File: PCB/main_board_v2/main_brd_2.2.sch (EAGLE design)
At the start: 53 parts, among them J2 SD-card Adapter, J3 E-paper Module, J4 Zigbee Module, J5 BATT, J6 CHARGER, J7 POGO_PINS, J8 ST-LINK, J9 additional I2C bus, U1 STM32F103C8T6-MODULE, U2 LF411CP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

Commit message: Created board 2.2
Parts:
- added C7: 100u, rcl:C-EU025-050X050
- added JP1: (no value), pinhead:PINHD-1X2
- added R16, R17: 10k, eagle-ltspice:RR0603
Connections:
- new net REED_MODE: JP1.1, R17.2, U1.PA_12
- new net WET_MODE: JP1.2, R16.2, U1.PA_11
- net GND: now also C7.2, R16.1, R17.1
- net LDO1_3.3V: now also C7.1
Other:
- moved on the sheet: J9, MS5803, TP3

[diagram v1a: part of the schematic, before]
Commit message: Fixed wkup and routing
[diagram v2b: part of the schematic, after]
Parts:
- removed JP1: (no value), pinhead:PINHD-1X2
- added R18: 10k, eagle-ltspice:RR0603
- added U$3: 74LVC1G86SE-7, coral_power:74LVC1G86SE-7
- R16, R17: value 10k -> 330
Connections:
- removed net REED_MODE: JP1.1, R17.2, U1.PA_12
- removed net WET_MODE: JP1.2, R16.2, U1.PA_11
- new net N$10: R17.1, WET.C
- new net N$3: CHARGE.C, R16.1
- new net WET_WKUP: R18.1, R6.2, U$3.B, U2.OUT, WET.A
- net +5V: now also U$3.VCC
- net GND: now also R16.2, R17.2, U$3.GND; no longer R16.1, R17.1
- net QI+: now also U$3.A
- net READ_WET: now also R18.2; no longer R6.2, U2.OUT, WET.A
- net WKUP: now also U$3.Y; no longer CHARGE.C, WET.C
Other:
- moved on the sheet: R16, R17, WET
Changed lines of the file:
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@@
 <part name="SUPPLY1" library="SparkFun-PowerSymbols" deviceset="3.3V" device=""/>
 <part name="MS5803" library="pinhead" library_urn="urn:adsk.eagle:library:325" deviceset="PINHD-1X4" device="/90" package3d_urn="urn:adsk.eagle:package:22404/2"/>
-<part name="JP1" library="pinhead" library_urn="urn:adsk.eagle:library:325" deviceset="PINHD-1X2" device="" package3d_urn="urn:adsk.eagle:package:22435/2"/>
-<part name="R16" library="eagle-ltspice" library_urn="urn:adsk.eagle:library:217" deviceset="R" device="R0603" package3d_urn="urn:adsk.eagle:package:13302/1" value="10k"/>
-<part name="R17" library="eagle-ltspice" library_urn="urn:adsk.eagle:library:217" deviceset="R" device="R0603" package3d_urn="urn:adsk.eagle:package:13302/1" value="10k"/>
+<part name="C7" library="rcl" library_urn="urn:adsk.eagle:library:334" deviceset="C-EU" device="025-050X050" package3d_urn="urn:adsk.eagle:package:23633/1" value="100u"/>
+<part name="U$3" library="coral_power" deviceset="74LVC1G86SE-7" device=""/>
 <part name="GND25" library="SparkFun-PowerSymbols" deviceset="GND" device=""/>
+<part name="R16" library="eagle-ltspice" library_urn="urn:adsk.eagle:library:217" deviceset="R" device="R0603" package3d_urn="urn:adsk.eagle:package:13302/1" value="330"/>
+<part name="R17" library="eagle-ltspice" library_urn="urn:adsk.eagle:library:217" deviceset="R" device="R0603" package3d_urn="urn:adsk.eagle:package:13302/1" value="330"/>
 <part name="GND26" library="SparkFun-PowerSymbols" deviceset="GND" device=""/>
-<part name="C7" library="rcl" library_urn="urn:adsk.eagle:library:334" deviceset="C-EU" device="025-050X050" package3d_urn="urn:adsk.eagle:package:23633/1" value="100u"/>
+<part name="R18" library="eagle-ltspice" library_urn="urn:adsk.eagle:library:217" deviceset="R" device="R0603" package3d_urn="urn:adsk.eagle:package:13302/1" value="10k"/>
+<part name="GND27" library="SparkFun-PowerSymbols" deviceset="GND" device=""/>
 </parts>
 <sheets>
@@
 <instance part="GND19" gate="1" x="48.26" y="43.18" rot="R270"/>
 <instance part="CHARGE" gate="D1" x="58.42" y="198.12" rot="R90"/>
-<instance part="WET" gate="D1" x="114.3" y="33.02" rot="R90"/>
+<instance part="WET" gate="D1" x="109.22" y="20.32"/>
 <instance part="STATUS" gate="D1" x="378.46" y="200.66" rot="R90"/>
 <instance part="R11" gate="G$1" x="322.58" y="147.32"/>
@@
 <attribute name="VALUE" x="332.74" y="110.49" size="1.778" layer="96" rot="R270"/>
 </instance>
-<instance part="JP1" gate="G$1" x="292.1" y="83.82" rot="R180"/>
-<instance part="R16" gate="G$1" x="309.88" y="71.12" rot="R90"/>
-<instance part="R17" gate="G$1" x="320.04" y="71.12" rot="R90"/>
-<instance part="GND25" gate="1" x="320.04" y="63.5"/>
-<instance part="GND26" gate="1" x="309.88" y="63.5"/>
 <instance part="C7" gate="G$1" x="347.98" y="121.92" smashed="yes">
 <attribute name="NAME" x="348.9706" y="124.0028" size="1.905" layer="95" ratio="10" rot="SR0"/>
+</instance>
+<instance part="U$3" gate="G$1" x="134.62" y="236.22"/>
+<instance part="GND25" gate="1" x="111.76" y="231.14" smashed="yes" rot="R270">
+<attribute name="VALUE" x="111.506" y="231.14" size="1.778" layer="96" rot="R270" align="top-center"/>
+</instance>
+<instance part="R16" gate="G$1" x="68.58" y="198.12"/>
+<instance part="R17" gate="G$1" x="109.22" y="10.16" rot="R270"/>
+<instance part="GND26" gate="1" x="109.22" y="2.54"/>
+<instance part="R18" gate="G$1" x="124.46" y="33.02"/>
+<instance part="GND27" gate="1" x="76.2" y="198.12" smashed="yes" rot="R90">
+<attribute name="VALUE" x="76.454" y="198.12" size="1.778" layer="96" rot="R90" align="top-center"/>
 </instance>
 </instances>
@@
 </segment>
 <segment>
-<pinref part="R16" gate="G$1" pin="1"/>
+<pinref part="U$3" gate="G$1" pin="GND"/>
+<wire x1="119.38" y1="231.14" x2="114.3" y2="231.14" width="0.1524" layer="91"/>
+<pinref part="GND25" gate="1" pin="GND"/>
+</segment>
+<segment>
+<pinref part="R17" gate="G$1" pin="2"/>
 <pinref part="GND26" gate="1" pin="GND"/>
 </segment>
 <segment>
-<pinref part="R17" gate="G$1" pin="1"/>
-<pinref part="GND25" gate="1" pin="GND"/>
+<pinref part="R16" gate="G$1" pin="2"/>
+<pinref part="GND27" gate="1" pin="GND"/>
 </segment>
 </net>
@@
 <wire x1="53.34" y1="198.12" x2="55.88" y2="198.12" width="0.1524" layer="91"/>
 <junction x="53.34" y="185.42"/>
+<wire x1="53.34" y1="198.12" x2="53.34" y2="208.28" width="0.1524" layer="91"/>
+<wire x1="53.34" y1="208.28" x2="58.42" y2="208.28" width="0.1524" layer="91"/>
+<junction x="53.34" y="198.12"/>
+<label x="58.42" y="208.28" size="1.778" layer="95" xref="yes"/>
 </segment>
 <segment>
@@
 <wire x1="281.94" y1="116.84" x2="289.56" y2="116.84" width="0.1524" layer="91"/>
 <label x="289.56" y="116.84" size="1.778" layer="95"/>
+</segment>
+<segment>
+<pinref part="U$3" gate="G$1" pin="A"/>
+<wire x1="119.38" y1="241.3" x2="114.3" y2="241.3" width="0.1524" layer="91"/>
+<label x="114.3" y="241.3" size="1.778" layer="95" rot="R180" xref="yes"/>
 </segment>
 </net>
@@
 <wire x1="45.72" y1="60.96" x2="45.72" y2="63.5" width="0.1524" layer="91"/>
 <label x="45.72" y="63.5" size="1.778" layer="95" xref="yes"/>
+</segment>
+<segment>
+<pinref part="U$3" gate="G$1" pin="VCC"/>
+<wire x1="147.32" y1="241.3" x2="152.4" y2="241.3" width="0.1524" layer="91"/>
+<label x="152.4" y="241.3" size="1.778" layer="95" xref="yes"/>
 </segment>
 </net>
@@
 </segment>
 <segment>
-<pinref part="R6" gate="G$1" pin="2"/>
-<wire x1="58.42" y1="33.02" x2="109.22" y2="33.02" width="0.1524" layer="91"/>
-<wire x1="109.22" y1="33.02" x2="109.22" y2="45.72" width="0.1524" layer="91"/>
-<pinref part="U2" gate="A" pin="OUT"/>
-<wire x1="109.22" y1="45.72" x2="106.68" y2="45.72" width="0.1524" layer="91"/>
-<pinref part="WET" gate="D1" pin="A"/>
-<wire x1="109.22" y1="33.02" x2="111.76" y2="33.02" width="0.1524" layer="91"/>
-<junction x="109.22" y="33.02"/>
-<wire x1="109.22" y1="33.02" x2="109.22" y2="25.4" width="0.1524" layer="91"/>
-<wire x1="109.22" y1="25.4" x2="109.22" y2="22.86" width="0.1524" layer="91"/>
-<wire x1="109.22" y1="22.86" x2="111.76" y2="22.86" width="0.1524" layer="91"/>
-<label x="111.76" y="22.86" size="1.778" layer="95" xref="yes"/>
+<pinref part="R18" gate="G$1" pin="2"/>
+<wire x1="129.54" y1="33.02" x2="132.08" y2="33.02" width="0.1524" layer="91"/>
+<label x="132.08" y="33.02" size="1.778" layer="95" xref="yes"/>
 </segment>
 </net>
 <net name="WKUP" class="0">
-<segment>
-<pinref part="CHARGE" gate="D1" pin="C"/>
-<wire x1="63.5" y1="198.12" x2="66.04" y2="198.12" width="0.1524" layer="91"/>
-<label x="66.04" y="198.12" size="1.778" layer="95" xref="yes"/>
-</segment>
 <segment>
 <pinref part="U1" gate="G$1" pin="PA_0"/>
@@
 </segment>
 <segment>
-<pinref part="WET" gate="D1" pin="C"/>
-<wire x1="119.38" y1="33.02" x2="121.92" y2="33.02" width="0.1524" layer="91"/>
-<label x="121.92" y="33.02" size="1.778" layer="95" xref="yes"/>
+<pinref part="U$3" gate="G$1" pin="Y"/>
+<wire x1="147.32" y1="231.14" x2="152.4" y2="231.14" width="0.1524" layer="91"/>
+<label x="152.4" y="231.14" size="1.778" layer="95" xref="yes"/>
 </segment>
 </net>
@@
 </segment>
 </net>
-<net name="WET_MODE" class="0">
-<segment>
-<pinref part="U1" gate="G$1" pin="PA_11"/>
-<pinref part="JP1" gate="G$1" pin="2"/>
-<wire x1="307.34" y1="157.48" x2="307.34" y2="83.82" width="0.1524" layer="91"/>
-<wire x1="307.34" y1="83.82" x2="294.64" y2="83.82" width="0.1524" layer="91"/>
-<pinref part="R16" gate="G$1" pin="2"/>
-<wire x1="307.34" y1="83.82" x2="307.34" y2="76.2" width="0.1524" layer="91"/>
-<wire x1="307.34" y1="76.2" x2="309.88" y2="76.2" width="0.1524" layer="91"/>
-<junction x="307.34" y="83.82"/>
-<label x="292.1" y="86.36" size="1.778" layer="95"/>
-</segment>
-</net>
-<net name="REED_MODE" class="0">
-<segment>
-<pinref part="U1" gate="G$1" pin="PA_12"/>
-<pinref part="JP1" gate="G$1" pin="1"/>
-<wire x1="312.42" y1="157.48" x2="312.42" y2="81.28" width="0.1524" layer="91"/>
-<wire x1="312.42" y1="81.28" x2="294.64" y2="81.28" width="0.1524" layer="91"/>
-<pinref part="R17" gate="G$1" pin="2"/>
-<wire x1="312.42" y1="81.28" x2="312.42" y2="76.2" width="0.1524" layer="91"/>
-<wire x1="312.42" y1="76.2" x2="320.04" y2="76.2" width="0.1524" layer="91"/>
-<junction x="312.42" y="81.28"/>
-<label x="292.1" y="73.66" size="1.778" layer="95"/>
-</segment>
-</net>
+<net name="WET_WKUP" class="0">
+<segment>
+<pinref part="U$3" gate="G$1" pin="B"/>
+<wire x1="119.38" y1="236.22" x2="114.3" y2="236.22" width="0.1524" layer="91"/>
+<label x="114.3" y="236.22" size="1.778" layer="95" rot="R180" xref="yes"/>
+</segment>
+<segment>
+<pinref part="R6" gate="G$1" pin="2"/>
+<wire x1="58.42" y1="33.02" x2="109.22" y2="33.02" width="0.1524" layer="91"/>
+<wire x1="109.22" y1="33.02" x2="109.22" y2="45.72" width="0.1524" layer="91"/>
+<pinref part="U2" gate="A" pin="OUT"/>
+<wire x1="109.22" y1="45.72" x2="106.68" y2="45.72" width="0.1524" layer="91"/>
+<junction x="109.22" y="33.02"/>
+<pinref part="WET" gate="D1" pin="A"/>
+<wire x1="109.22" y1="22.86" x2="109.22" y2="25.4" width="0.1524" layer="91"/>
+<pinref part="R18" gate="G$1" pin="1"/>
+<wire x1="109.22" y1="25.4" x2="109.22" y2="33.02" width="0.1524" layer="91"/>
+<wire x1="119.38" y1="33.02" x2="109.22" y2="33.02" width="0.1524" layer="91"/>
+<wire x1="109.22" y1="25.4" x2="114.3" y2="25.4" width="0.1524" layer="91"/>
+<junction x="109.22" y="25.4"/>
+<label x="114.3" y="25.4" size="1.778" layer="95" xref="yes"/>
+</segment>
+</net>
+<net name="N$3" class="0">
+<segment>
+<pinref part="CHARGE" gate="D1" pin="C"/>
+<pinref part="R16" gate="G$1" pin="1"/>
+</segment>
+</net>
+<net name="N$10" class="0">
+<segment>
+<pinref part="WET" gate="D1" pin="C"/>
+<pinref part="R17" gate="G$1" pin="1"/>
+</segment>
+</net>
################
WORK REQUIRED: Your answer should be a single number: the count of lines in the listing that contain the word "diagram".

EXERCISE SOLUTION: 2